You could try Pursuit/Thunder. Broadleaf herbicide that doesn't affect alfalfa and clover. More expensive than 2,4D, but would leave your clover behind.


----------



## FarmerCline (Oct 12, 2011)

Another option you might try is 2,4db(butyrac). I have used it on alfalfa with pretty good results killing marestail. Never dealt with pepperweed.....isn't it a spring annual? If you can keep it from going to seed by spraying or mowing that will greatly reduce the infestation of it next year.


----------



## zeroo (May 20, 2016)

Thanks. I talked with southern states here that does most of the custom spaying and they said the 2-4d based stuff will take out the clover. At this point I don't care. The seed I used must of had this crap in it. It's amazing. My options:

We are dry this coming week kind of. Maybe cut early and accept the bales as trash as this stuff is thick already and is a prolific seed producer.
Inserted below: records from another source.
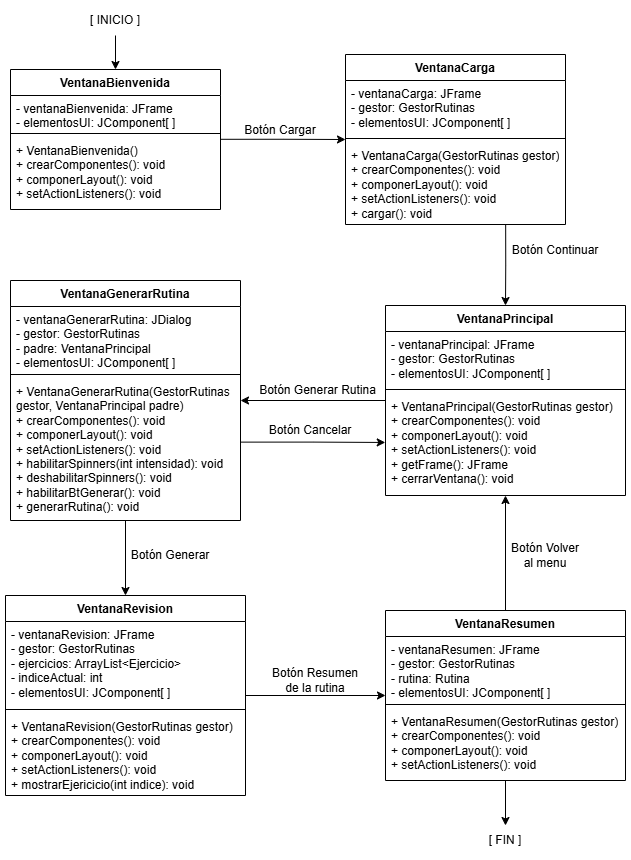

The diagram above was exported from draw.io. Its source (the exported page's mxGraphModel, read from the mxfile embedded in the PNG):
<mxGraphModel dx="1664" dy="914" grid="1" gridSize="10" guides="1" tooltips="1" connect="1" arrows="1" fold="1" page="1" pageScale="1" pageWidth="827" pageHeight="1169" math="0" shadow="0">
  <root>
    <mxCell id="0" />
    <mxCell id="1" parent="0" />
    <mxCell id="NDe7-tvCCd409Kd96JVe-13" parent="1" style="swimlane;fontStyle=1;align=center;verticalAlign=top;childLayout=stackLayout;horizontal=1;startSize=26;horizontalStack=0;resizeParent=1;resizeParentMax=0;resizeLast=0;collapsible=1;marginBottom=0;whiteSpace=wrap;html=1;" value="VentanaBienvenida" vertex="1">
      <mxGeometry height="140" width="210" x="105" y="84" as="geometry">
        <mxRectangle height="30" width="140" x="105" y="84" as="alternateBounds" />
      </mxGeometry>
    </mxCell>
    <mxCell id="NDe7-tvCCd409Kd96JVe-14" parent="NDe7-tvCCd409Kd96JVe-13" style="text;strokeColor=none;fillColor=none;align=left;verticalAlign=top;spacingLeft=4;spacingRight=4;overflow=hidden;rotatable=0;points=[[0,0.5],[1,0.5]];portConstraint=eastwest;whiteSpace=wrap;html=1;" value="- ventanaBienvenida: JFrame&lt;div&gt;- elementosUI: JComponent[ ]&lt;/div&gt;" vertex="1">
      <mxGeometry height="34" width="210" y="26" as="geometry" />
    </mxCell>
    <mxCell id="NDe7-tvCCd409Kd96JVe-15" parent="NDe7-tvCCd409Kd96JVe-13" style="line;strokeWidth=1;fillColor=none;align=left;verticalAlign=middle;spacingTop=-1;spacingLeft=3;spacingRight=3;rotatable=0;labelPosition=right;points=[];portConstraint=eastwest;strokeColor=inherit;" value="" vertex="1">
      <mxGeometry height="8" width="210" y="60" as="geometry" />
    </mxCell>
    <mxCell id="NDe7-tvCCd409Kd96JVe-16" parent="NDe7-tvCCd409Kd96JVe-13" style="text;strokeColor=none;fillColor=none;align=left;verticalAlign=top;spacingLeft=4;spacingRight=4;overflow=hidden;rotatable=0;points=[[0,0.5],[1,0.5]];portConstraint=eastwest;whiteSpace=wrap;html=1;" value="+ VentanaBienvenida()&lt;div&gt;+ crearComponentes(): void&lt;/div&gt;&lt;div&gt;+ componerLayout(): void&lt;/div&gt;&lt;div&gt;+ setActionListeners(): void&lt;/div&gt;" vertex="1">
      <mxGeometry height="72" width="210" y="68" as="geometry" />
    </mxCell>
    <mxCell id="Jh5WNOTLqUCFziOijJHm-1" parent="1" style="swimlane;fontStyle=1;align=center;verticalAlign=top;childLayout=stackLayout;horizontal=1;startSize=26;horizontalStack=0;resizeParent=1;resizeParentMax=0;resizeLast=0;collapsible=1;marginBottom=0;whiteSpace=wrap;html=1;" value="VentanaCarga" vertex="1">
      <mxGeometry height="170" width="220" x="440" y="69" as="geometry" />
    </mxCell>
    <mxCell id="Jh5WNOTLqUCFziOijJHm-2" parent="Jh5WNOTLqUCFziOijJHm-1" style="text;strokeColor=none;fillColor=none;align=left;verticalAlign=top;spacingLeft=4;spacingRight=4;overflow=hidden;rotatable=0;points=[[0,0.5],[1,0.5]];portConstraint=eastwest;whiteSpace=wrap;html=1;" value="- ventanaCarga: JFrame&lt;div&gt;- gestor: GestorRutinas&lt;br&gt;&lt;div&gt;- elementosUI: JComponent[ ]&lt;/div&gt;&lt;/div&gt;" vertex="1">
      <mxGeometry height="54" width="220" y="26" as="geometry" />
    </mxCell>
    <mxCell id="Jh5WNOTLqUCFziOijJHm-3" parent="Jh5WNOTLqUCFziOijJHm-1" style="line;strokeWidth=1;fillColor=none;align=left;verticalAlign=middle;spacingTop=-1;spacingLeft=3;spacingRight=3;rotatable=0;labelPosition=right;points=[];portConstraint=eastwest;strokeColor=inherit;" value="" vertex="1">
      <mxGeometry height="8" width="220" y="80" as="geometry" />
    </mxCell>
    <mxCell id="Jh5WNOTLqUCFziOijJHm-4" parent="Jh5WNOTLqUCFziOijJHm-1" style="text;strokeColor=none;fillColor=none;align=left;verticalAlign=top;spacingLeft=4;spacingRight=4;overflow=hidden;rotatable=0;points=[[0,0.5],[1,0.5]];portConstraint=eastwest;whiteSpace=wrap;html=1;" value="+ VentanaCarga(GestorRutinas gestor)&lt;div&gt;+ crearComponentes(): void&lt;/div&gt;&lt;div&gt;+ componerLayout(): void&lt;/div&gt;&lt;div&gt;+ setActionListeners(): void&lt;/div&gt;&lt;div&gt;+ cargar(): void&lt;/div&gt;" vertex="1">
      <mxGeometry height="82" width="220" y="88" as="geometry" />
    </mxCell>
    <mxCell id="Jh5WNOTLqUCFziOijJHm-28" edge="1" parent="1" source="Jh5WNOTLqUCFziOijJHm-5" style="edgeStyle=orthogonalEdgeStyle;rounded=0;orthogonalLoop=1;jettySize=auto;html=1;" target="Jh5WNOTLqUCFziOijJHm-9">
      <mxGeometry relative="1" as="geometry" />
    </mxCell>
    <mxCell id="Jh5WNOTLqUCFziOijJHm-5" parent="1" style="swimlane;fontStyle=1;align=center;verticalAlign=top;childLayout=stackLayout;horizontal=1;startSize=26;horizontalStack=0;resizeParent=1;resizeParentMax=0;resizeLast=0;collapsible=1;marginBottom=0;whiteSpace=wrap;html=1;" value="VentanaPrincipal" vertex="1">
      <mxGeometry height="190" width="240" x="480" y="320" as="geometry" />
    </mxCell>
    <mxCell id="Jh5WNOTLqUCFziOijJHm-6" parent="Jh5WNOTLqUCFziOijJHm-5" style="text;strokeColor=none;fillColor=none;align=left;verticalAlign=top;spacingLeft=4;spacingRight=4;overflow=hidden;rotatable=0;points=[[0,0.5],[1,0.5]];portConstraint=eastwest;whiteSpace=wrap;html=1;" value="- ventanaPrincipal: JFrame&lt;div&gt;- gestor: GestorRutinas&lt;br&gt;&lt;div&gt;- elementosUI: JComponent[ ]&lt;/div&gt;&lt;/div&gt;" vertex="1">
      <mxGeometry height="54" width="240" y="26" as="geometry" />
    </mxCell>
    <mxCell id="Jh5WNOTLqUCFziOijJHm-7" parent="Jh5WNOTLqUCFziOijJHm-5" style="line;strokeWidth=1;fillColor=none;align=left;verticalAlign=middle;spacingTop=-1;spacingLeft=3;spacingRight=3;rotatable=0;labelPosition=right;points=[];portConstraint=eastwest;strokeColor=inherit;" value="" vertex="1">
      <mxGeometry height="8" width="240" y="80" as="geometry" />
    </mxCell>
    <mxCell id="Jh5WNOTLqUCFziOijJHm-8" parent="Jh5WNOTLqUCFziOijJHm-5" style="text;strokeColor=none;fillColor=none;align=left;verticalAlign=top;spacingLeft=4;spacingRight=4;overflow=hidden;rotatable=0;points=[[0,0.5],[1,0.5]];portConstraint=eastwest;whiteSpace=wrap;html=1;" value="+ VentanaPrincipal(GestorRutinas gestor)&lt;div&gt;+ crearComponentes(): void&lt;/div&gt;&lt;div&gt;+ componerLayout(): void&lt;/div&gt;&lt;div&gt;+ setActionListeners(): void&lt;/div&gt;&lt;div&gt;+ getFrame(): JFrame&lt;/div&gt;&lt;div&gt;+ cerrarVentana(): void&lt;/div&gt;" vertex="1">
      <mxGeometry height="102" width="240" y="88" as="geometry" />
    </mxCell>
    <mxCell id="Jh5WNOTLqUCFziOijJHm-30" edge="1" parent="1" source="Jh5WNOTLqUCFziOijJHm-12" style="edgeStyle=orthogonalEdgeStyle;rounded=0;orthogonalLoop=1;jettySize=auto;html=1;exitX=0.999;exitY=0.448;exitDx=0;exitDy=0;entryX=-0.001;entryY=0.48;entryDx=0;entryDy=0;exitPerimeter=0;entryPerimeter=0;" target="Jh5WNOTLqUCFziOijJHm-8">
      <mxGeometry relative="1" as="geometry" />
    </mxCell>
    <mxCell id="Jh5WNOTLqUCFziOijJHm-32" edge="1" parent="1" source="Jh5WNOTLqUCFziOijJHm-9" style="edgeStyle=orthogonalEdgeStyle;rounded=0;orthogonalLoop=1;jettySize=auto;html=1;" target="Jh5WNOTLqUCFziOijJHm-17">
      <mxGeometry relative="1" as="geometry" />
    </mxCell>
    <mxCell id="Jh5WNOTLqUCFziOijJHm-9" parent="1" style="swimlane;fontStyle=1;align=center;verticalAlign=top;childLayout=stackLayout;horizontal=1;startSize=26;horizontalStack=0;resizeParent=1;resizeParentMax=0;resizeLast=0;collapsible=1;marginBottom=0;whiteSpace=wrap;html=1;" value="VentanaGenerarRutina" vertex="1">
      <mxGeometry height="240" width="230" x="105" y="295" as="geometry" />
    </mxCell>
    <mxCell id="Jh5WNOTLqUCFziOijJHm-10" parent="Jh5WNOTLqUCFziOijJHm-9" style="text;strokeColor=none;fillColor=none;align=left;verticalAlign=top;spacingLeft=4;spacingRight=4;overflow=hidden;rotatable=0;points=[[0,0.5],[1,0.5]];portConstraint=eastwest;whiteSpace=wrap;html=1;" value="- ventanaGenerarRutina: JDialog&lt;div&gt;- gestor: GestorRutinas&lt;/div&gt;&lt;div&gt;- padre: VentanaPrincipal&lt;br&gt;&lt;div&gt;- elementosUI: JComponent[ ]&lt;/div&gt;&lt;/div&gt;" vertex="1">
      <mxGeometry height="64" width="230" y="26" as="geometry" />
    </mxCell>
    <mxCell id="Jh5WNOTLqUCFziOijJHm-11" parent="Jh5WNOTLqUCFziOijJHm-9" style="line;strokeWidth=1;fillColor=none;align=left;verticalAlign=middle;spacingTop=-1;spacingLeft=3;spacingRight=3;rotatable=0;labelPosition=right;points=[];portConstraint=eastwest;strokeColor=inherit;" value="" vertex="1">
      <mxGeometry height="8" width="230" y="90" as="geometry" />
    </mxCell>
    <mxCell id="Jh5WNOTLqUCFziOijJHm-12" parent="Jh5WNOTLqUCFziOijJHm-9" style="text;strokeColor=none;fillColor=none;align=left;verticalAlign=top;spacingLeft=4;spacingRight=4;overflow=hidden;rotatable=0;points=[[0,0.5],[1,0.5]];portConstraint=eastwest;whiteSpace=wrap;html=1;" value="+ VentanaGenerarRutina(GestorRutinas gestor, VentanaPrincipal padre)&lt;div&gt;+ crearComponentes(): void&lt;/div&gt;&lt;div&gt;+ componerLayout(): void&lt;/div&gt;&lt;div&gt;+ setActionListeners(): void&lt;/div&gt;&lt;div&gt;+ habilitarSpinners(int intensidad): void&lt;/div&gt;&lt;div&gt;+ deshabilitarSpinners(): void&lt;/div&gt;&lt;div&gt;+ habilitarBtGenerar(): void&lt;/div&gt;&lt;div&gt;+ generarRutina(): void&lt;/div&gt;" vertex="1">
      <mxGeometry height="142" width="230" y="98" as="geometry" />
    </mxCell>
    <mxCell id="Jh5WNOTLqUCFziOijJHm-36" edge="1" parent="1" source="Jh5WNOTLqUCFziOijJHm-13" style="edgeStyle=orthogonalEdgeStyle;rounded=0;orthogonalLoop=1;jettySize=auto;html=1;" target="Jh5WNOTLqUCFziOijJHm-5">
      <mxGeometry relative="1" as="geometry" />
    </mxCell>
    <mxCell id="Jh5WNOTLqUCFziOijJHm-41" edge="1" parent="1" source="Jh5WNOTLqUCFziOijJHm-13" style="edgeStyle=orthogonalEdgeStyle;rounded=0;orthogonalLoop=1;jettySize=auto;html=1;entryX=0.5;entryY=0;entryDx=0;entryDy=0;" target="Jh5WNOTLqUCFziOijJHm-40">
      <mxGeometry relative="1" as="geometry" />
    </mxCell>
    <mxCell id="Jh5WNOTLqUCFziOijJHm-13" parent="1" style="swimlane;fontStyle=1;align=center;verticalAlign=top;childLayout=stackLayout;horizontal=1;startSize=26;horizontalStack=0;resizeParent=1;resizeParentMax=0;resizeLast=0;collapsible=1;marginBottom=0;whiteSpace=wrap;html=1;" value="VentanaResumen" vertex="1">
      <mxGeometry height="170" width="240" x="480" y="625" as="geometry" />
    </mxCell>
    <mxCell id="Jh5WNOTLqUCFziOijJHm-14" parent="Jh5WNOTLqUCFziOijJHm-13" style="text;strokeColor=none;fillColor=none;align=left;verticalAlign=top;spacingLeft=4;spacingRight=4;overflow=hidden;rotatable=0;points=[[0,0.5],[1,0.5]];portConstraint=eastwest;whiteSpace=wrap;html=1;" value="- ventanaResumen: JFrame&lt;div&gt;- gestor: GestorRutinas&lt;/div&gt;&lt;div&gt;- rutina: Rutina&lt;br&gt;&lt;div&gt;- elementosUI: JComponent[ ]&lt;/div&gt;&lt;/div&gt;" vertex="1">
      <mxGeometry height="64" width="240" y="26" as="geometry" />
    </mxCell>
    <mxCell id="Jh5WNOTLqUCFziOijJHm-15" parent="Jh5WNOTLqUCFziOijJHm-13" style="line;strokeWidth=1;fillColor=none;align=left;verticalAlign=middle;spacingTop=-1;spacingLeft=3;spacingRight=3;rotatable=0;labelPosition=right;points=[];portConstraint=eastwest;strokeColor=inherit;" value="" vertex="1">
      <mxGeometry height="8" width="240" y="90" as="geometry" />
    </mxCell>
    <mxCell id="Jh5WNOTLqUCFziOijJHm-16" parent="Jh5WNOTLqUCFziOijJHm-13" style="text;strokeColor=none;fillColor=none;align=left;verticalAlign=top;spacingLeft=4;spacingRight=4;overflow=hidden;rotatable=0;points=[[0,0.5],[1,0.5]];portConstraint=eastwest;whiteSpace=wrap;html=1;" value="+ VentanaResumen(GestorRutinas gestor)&lt;div&gt;+ crearComponentes(): void&lt;/div&gt;&lt;div&gt;+ componerLayout(): void&lt;/div&gt;&lt;div&gt;+ setActionListeners(): void&lt;/div&gt;" vertex="1">
      <mxGeometry height="72" width="240" y="98" as="geometry" />
    </mxCell>
    <mxCell id="Jh5WNOTLqUCFziOijJHm-34" edge="1" parent="1" source="Jh5WNOTLqUCFziOijJHm-17" style="edgeStyle=orthogonalEdgeStyle;rounded=0;orthogonalLoop=1;jettySize=auto;html=1;" target="Jh5WNOTLqUCFziOijJHm-13">
      <mxGeometry relative="1" as="geometry" />
    </mxCell>
    <mxCell id="Jh5WNOTLqUCFziOijJHm-17" parent="1" style="swimlane;fontStyle=1;align=center;verticalAlign=top;childLayout=stackLayout;horizontal=1;startSize=26;horizontalStack=0;resizeParent=1;resizeParentMax=0;resizeLast=0;collapsible=1;marginBottom=0;whiteSpace=wrap;html=1;" value="VentanaRevision" vertex="1">
      <mxGeometry height="200" width="240" x="100" y="610" as="geometry" />
    </mxCell>
    <mxCell id="Jh5WNOTLqUCFziOijJHm-18" parent="Jh5WNOTLqUCFziOijJHm-17" style="text;strokeColor=none;fillColor=none;align=left;verticalAlign=top;spacingLeft=4;spacingRight=4;overflow=hidden;rotatable=0;points=[[0,0.5],[1,0.5]];portConstraint=eastwest;whiteSpace=wrap;html=1;" value="- ventanaRevision: JFrame&lt;div&gt;- gestor: GestorRutinas&lt;/div&gt;&lt;div&gt;- ejercicios: ArrayList&amp;lt;Ejercicio&amp;gt;&lt;/div&gt;&lt;div&gt;- indiceActual: int&lt;br&gt;&lt;div&gt;- elementosUI: JComponent[ ]&lt;/div&gt;&lt;/div&gt;" vertex="1">
      <mxGeometry height="84" width="240" y="26" as="geometry" />
    </mxCell>
    <mxCell id="Jh5WNOTLqUCFziOijJHm-19" parent="Jh5WNOTLqUCFziOijJHm-17" style="line;strokeWidth=1;fillColor=none;align=left;verticalAlign=middle;spacingTop=-1;spacingLeft=3;spacingRight=3;rotatable=0;labelPosition=right;points=[];portConstraint=eastwest;strokeColor=inherit;" value="" vertex="1">
      <mxGeometry height="8" width="240" y="110" as="geometry" />
    </mxCell>
    <mxCell id="Jh5WNOTLqUCFziOijJHm-20" parent="Jh5WNOTLqUCFziOijJHm-17" style="text;strokeColor=none;fillColor=none;align=left;verticalAlign=top;spacingLeft=4;spacingRight=4;overflow=hidden;rotatable=0;points=[[0,0.5],[1,0.5]];portConstraint=eastwest;whiteSpace=wrap;html=1;" value="+ VentanaRevision(GestorRutinas gestor)&lt;div&gt;+ crearComponentes(): void&lt;/div&gt;&lt;div&gt;+ componerLayout(): void&lt;/div&gt;&lt;div&gt;+ setActionListeners(): void&lt;/div&gt;&lt;div&gt;+ mostrarEjericicio(int indice): void&lt;/div&gt;" vertex="1">
      <mxGeometry height="82" width="240" y="118" as="geometry" />
    </mxCell>
    <mxCell id="Jh5WNOTLqUCFziOijJHm-21" edge="1" parent="1" source="NDe7-tvCCd409Kd96JVe-16" style="edgeStyle=orthogonalEdgeStyle;rounded=0;orthogonalLoop=1;jettySize=auto;html=1;exitX=1;exitY=0.025;exitDx=0;exitDy=0;exitPerimeter=0;" target="Jh5WNOTLqUCFziOijJHm-1">
      <mxGeometry relative="1" as="geometry" />
    </mxCell>
    <mxCell id="Jh5WNOTLqUCFziOijJHm-25" parent="1" style="text;html=1;whiteSpace=wrap;strokeColor=none;fillColor=none;align=center;verticalAlign=middle;rounded=0;" value="Botón Cargar" vertex="1">
      <mxGeometry height="30" width="90" x="330" y="130" as="geometry" />
    </mxCell>
    <mxCell id="Jh5WNOTLqUCFziOijJHm-26" edge="1" parent="1" source="Jh5WNOTLqUCFziOijJHm-4" style="edgeStyle=orthogonalEdgeStyle;rounded=0;orthogonalLoop=1;jettySize=auto;html=1;exitX=0.728;exitY=0.995;exitDx=0;exitDy=0;exitPerimeter=0;" target="Jh5WNOTLqUCFziOijJHm-5">
      <mxGeometry relative="1" as="geometry">
        <mxPoint x="600" y="210" as="sourcePoint" />
      </mxGeometry>
    </mxCell>
    <mxCell id="Jh5WNOTLqUCFziOijJHm-27" parent="1" style="text;html=1;whiteSpace=wrap;strokeColor=none;fillColor=none;align=center;verticalAlign=middle;rounded=0;" value="Botón Continuar" vertex="1">
      <mxGeometry height="30" width="100" x="600" y="250" as="geometry" />
    </mxCell>
    <mxCell id="Jh5WNOTLqUCFziOijJHm-29" parent="1" style="text;html=1;whiteSpace=wrap;strokeColor=none;fillColor=none;align=center;verticalAlign=middle;rounded=0;" value="Botón Generar Rutina" vertex="1">
      <mxGeometry height="30" width="125" x="350" y="390" as="geometry" />
    </mxCell>
    <mxCell id="Jh5WNOTLqUCFziOijJHm-31" parent="1" style="text;html=1;whiteSpace=wrap;strokeColor=none;fillColor=none;align=center;verticalAlign=middle;rounded=0;" value="Botón Cancelar" vertex="1">
      <mxGeometry height="30" width="90" x="360" y="430" as="geometry" />
    </mxCell>
    <mxCell id="Jh5WNOTLqUCFziOijJHm-33" parent="1" style="text;html=1;whiteSpace=wrap;strokeColor=none;fillColor=none;align=center;verticalAlign=middle;rounded=0;" value="Botón Generar" vertex="1">
      <mxGeometry height="30" width="90" x="220" y="555" as="geometry" />
    </mxCell>
    <mxCell id="Jh5WNOTLqUCFziOijJHm-35" parent="1" style="text;html=1;whiteSpace=wrap;strokeColor=none;fillColor=none;align=center;verticalAlign=middle;rounded=0;" value="Botón Resumen de la rutina" vertex="1">
      <mxGeometry height="30" width="100" x="360" y="680" as="geometry" />
    </mxCell>
    <mxCell id="Jh5WNOTLqUCFziOijJHm-37" parent="1" style="text;html=1;whiteSpace=wrap;strokeColor=none;fillColor=none;align=center;verticalAlign=middle;rounded=0;" value="Botón Volver al menu" vertex="1">
      <mxGeometry height="30" width="80" x="600" y="555" as="geometry" />
    </mxCell>
    <mxCell id="Jh5WNOTLqUCFziOijJHm-39" edge="1" parent="1" source="Jh5WNOTLqUCFziOijJHm-38" style="edgeStyle=orthogonalEdgeStyle;rounded=0;orthogonalLoop=1;jettySize=auto;html=1;" target="NDe7-tvCCd409Kd96JVe-13">
      <mxGeometry relative="1" as="geometry" />
    </mxCell>
    <mxCell id="Jh5WNOTLqUCFziOijJHm-38" parent="1" style="text;html=1;whiteSpace=wrap;strokeColor=none;fillColor=none;align=center;verticalAlign=middle;rounded=0;" value="[ INICIO ]" vertex="1">
      <mxGeometry height="30" width="60" x="180" y="20" as="geometry" />
    </mxCell>
    <mxCell id="Jh5WNOTLqUCFziOijJHm-40" parent="1" style="text;html=1;whiteSpace=wrap;strokeColor=none;fillColor=none;align=center;verticalAlign=middle;rounded=0;" value="[ FIN ]" vertex="1">
      <mxGeometry height="30" width="60" x="570" y="840" as="geometry" />
    </mxCell>
  </root>
</mxGraphModel>

And plan on a early second cutting. And it will let the clover mature.
Or spray 2-4d and bale in a monthish? It may keep it from going to seed. What's the residual of 2-4d and cutting for hay?

This is weed

http://www.ediblewildfood.com/peppergrass.aspx


----------



## reede (May 17, 2010)

The butyrac that Farmer Cline mentioned will not harm the clover at label rates


----------



## zeroo (May 20, 2016)

http://alfalfa.ucdavis.edu/+symposium/proceedings/1991/91-92.pdf

So there is a big difference between 2-4d and 2-4db. I will have to see why southern states didn't mention that. Anyways thanks farmer cline. I really need to invest into a good sprayer. Is there a wait time between spraying 2-4db and harvesting hay?

I also see I posted in the wrong forum.


----------



## reede (May 17, 2010)

You never know why dealers sometimes don't recommend certain things. Sometimes it is to sell something they have in stock rather than order something they don't. Sometimes they don't know.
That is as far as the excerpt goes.